I imagine it's quite daunting to be an entrepreneur right now. You look at the slew of headlines in the last year or so and they paint a bleak picture of the state of tech startups and VC funding; to be clear, challenges remain. Persistently high interest rates have made VCs more risk-averse and selective, while many startups continue to struggle to raise money as funding levels have dropped in the last year.
But entrepreneurs start companies in every environment — and I recently found myself in a big room full of them. Last week, I attended the START Summit with a bunch of students and young founders (and founder hopefuls) in St. Gallen, Switzerland. Complete with a unicorn statue that faithful Sifted readers might remember from last year's summit, the mood of the conference seemed cautiously optimistic.
I took the chance on stage to ask a few German VCs — Judith Dada, partner at General Catalyst/La Famiglia, Alex Schmitt, partner at Lightspeed Venture Partners and Rainer Märkle, general partner at HV Capital — what advice they had for founders trying to raise in these difficult times, and what they should be aware of considering the bar to write that cheque is higher.
Schmitt advises founders starting companies not to get bogged down: it'll likely be a good number of years before you sell your business — and probably in a very different market to today. "While it's important to understand the environment that you're in, you're building now for something in the future, which will change anyway,” he says.
Still, today’s market will certainly affect your deal terms and valuation. You’d be advised not to go for the absolute minimum dilution by trying to get “some crazy valuation,” says Dada, adding that founders should anticipate parting with 15% to 25% of their company in typical (read: not crazy-competitive) rounds. And unless you’re building a hyped AI company, you shouldn’t expect to get 20 term sheets. But one thing you should expect, especially in early funding rounds, is a “clean” term sheet without onerous veto voting rights or multiple liquidation preferences, the VCs say.

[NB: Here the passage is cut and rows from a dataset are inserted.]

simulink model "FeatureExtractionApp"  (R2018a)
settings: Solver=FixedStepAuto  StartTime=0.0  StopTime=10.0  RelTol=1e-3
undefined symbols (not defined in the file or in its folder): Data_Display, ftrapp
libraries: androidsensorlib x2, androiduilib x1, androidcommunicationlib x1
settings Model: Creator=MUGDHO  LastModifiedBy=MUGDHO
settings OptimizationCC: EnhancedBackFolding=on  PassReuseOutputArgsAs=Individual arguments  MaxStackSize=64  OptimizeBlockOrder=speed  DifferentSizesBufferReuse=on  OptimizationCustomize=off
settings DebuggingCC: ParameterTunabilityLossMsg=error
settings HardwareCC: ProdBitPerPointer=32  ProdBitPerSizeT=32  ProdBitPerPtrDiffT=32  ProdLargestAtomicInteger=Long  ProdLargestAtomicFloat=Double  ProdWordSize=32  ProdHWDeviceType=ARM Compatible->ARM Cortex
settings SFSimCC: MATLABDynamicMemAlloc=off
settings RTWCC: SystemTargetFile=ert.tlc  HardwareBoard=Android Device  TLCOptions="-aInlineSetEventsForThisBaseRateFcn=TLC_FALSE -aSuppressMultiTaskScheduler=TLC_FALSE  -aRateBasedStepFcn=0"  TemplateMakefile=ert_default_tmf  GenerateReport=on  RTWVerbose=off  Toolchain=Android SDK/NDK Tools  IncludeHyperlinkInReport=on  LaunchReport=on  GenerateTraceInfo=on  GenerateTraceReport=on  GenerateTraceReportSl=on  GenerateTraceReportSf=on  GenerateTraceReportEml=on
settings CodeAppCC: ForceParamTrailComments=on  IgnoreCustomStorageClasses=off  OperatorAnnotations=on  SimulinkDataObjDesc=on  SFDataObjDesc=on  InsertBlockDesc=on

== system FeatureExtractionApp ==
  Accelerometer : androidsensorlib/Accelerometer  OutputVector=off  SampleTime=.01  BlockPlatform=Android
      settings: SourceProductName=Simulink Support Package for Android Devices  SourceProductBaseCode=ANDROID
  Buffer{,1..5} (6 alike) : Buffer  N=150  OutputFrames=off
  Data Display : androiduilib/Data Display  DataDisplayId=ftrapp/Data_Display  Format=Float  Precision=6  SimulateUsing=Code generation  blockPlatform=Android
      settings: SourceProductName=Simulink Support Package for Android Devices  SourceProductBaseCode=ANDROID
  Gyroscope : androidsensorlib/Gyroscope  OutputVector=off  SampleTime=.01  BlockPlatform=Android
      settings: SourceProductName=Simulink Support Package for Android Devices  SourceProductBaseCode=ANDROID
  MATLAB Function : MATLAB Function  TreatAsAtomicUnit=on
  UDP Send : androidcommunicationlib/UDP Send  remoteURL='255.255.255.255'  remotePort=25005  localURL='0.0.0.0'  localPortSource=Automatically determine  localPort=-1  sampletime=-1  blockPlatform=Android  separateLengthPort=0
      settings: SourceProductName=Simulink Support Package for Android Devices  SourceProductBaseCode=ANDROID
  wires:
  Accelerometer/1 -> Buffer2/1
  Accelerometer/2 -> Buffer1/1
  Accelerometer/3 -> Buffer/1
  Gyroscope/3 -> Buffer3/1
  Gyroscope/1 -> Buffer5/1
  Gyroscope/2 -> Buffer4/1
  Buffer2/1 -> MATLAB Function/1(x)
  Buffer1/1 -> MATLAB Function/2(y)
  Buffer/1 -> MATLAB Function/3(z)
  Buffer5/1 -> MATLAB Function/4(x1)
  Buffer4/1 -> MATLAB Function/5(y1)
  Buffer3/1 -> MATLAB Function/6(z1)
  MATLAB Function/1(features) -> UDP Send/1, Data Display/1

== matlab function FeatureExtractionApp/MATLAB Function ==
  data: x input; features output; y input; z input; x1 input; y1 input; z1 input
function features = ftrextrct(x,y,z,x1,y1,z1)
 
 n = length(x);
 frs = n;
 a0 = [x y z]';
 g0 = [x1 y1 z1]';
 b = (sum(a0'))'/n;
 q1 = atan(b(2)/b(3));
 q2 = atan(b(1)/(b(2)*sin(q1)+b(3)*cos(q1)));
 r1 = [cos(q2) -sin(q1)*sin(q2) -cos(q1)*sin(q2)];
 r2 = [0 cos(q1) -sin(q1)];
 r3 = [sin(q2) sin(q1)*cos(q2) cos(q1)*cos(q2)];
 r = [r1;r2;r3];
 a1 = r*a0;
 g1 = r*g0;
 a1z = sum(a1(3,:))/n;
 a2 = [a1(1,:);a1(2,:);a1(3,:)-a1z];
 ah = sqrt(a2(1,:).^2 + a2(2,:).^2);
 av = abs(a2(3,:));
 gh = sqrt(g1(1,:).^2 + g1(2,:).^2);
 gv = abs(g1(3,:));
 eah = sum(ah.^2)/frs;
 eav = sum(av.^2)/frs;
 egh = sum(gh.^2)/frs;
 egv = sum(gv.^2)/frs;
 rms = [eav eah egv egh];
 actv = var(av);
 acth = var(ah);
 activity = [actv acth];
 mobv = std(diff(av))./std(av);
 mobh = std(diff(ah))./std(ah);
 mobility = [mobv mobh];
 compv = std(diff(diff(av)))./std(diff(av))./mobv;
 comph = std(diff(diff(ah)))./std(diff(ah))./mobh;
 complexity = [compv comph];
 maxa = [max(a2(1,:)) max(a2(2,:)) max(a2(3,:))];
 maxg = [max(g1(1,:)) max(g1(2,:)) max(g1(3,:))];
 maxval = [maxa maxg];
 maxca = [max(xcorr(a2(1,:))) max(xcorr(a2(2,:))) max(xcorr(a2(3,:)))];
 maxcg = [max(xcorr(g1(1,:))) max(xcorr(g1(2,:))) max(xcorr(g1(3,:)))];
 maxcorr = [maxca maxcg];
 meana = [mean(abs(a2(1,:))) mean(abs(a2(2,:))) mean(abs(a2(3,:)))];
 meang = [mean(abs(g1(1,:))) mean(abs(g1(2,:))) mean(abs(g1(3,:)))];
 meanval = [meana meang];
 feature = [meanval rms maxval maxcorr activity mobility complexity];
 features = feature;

It’s also not so easy anymore to get customers for your product, as company budgets have been slashed. But if you do have some buyers lined up, “traction is something that’s really gold, and it helps you massively in your fundraise,” says Schmitt. The VCs say that having a roster of customers means more now than it did in 2021.
In general, Schmitt urges founders to “account for more time, account for more runway” when raising money. The time to raise a Series B round, for instance, has grown by 85%, according to recent Carta data.
Founders shouldn’t “get distracted by good news, bad news,” Märkle adds. “Navigate, pivot, change, adapt, but focus on finding a real solution. All the rest — the funding rounds, the valuations, your partners, at some point the exit — will then strictly be a result.”
To be sure, it all sounds pretty upbeat. Märkle even jokes that “every year you come to the stage and you say, 'Actually, this year is the very best time to fund a company and start a company'. But actually [in] '24, it's really true.”
We’re not out of the woods yet though, and the reality is that fundraising, by and large, is still a challenge for many startups. Meanwhile, companies around the world are defaulting on their debt at the fastest rate since the financial crisis, while European startups are also reportedly increasingly turning to more complex debt raises amid the lack of capital.
But there are some early green shoots in the fundraising market, and VCs tell me they’re getting busier this spring. For the sake of new founders raising money right now, we can only hope that Märkle’s prediction is true: That 2024 really is the best time to start a company. Time, of course, will tell.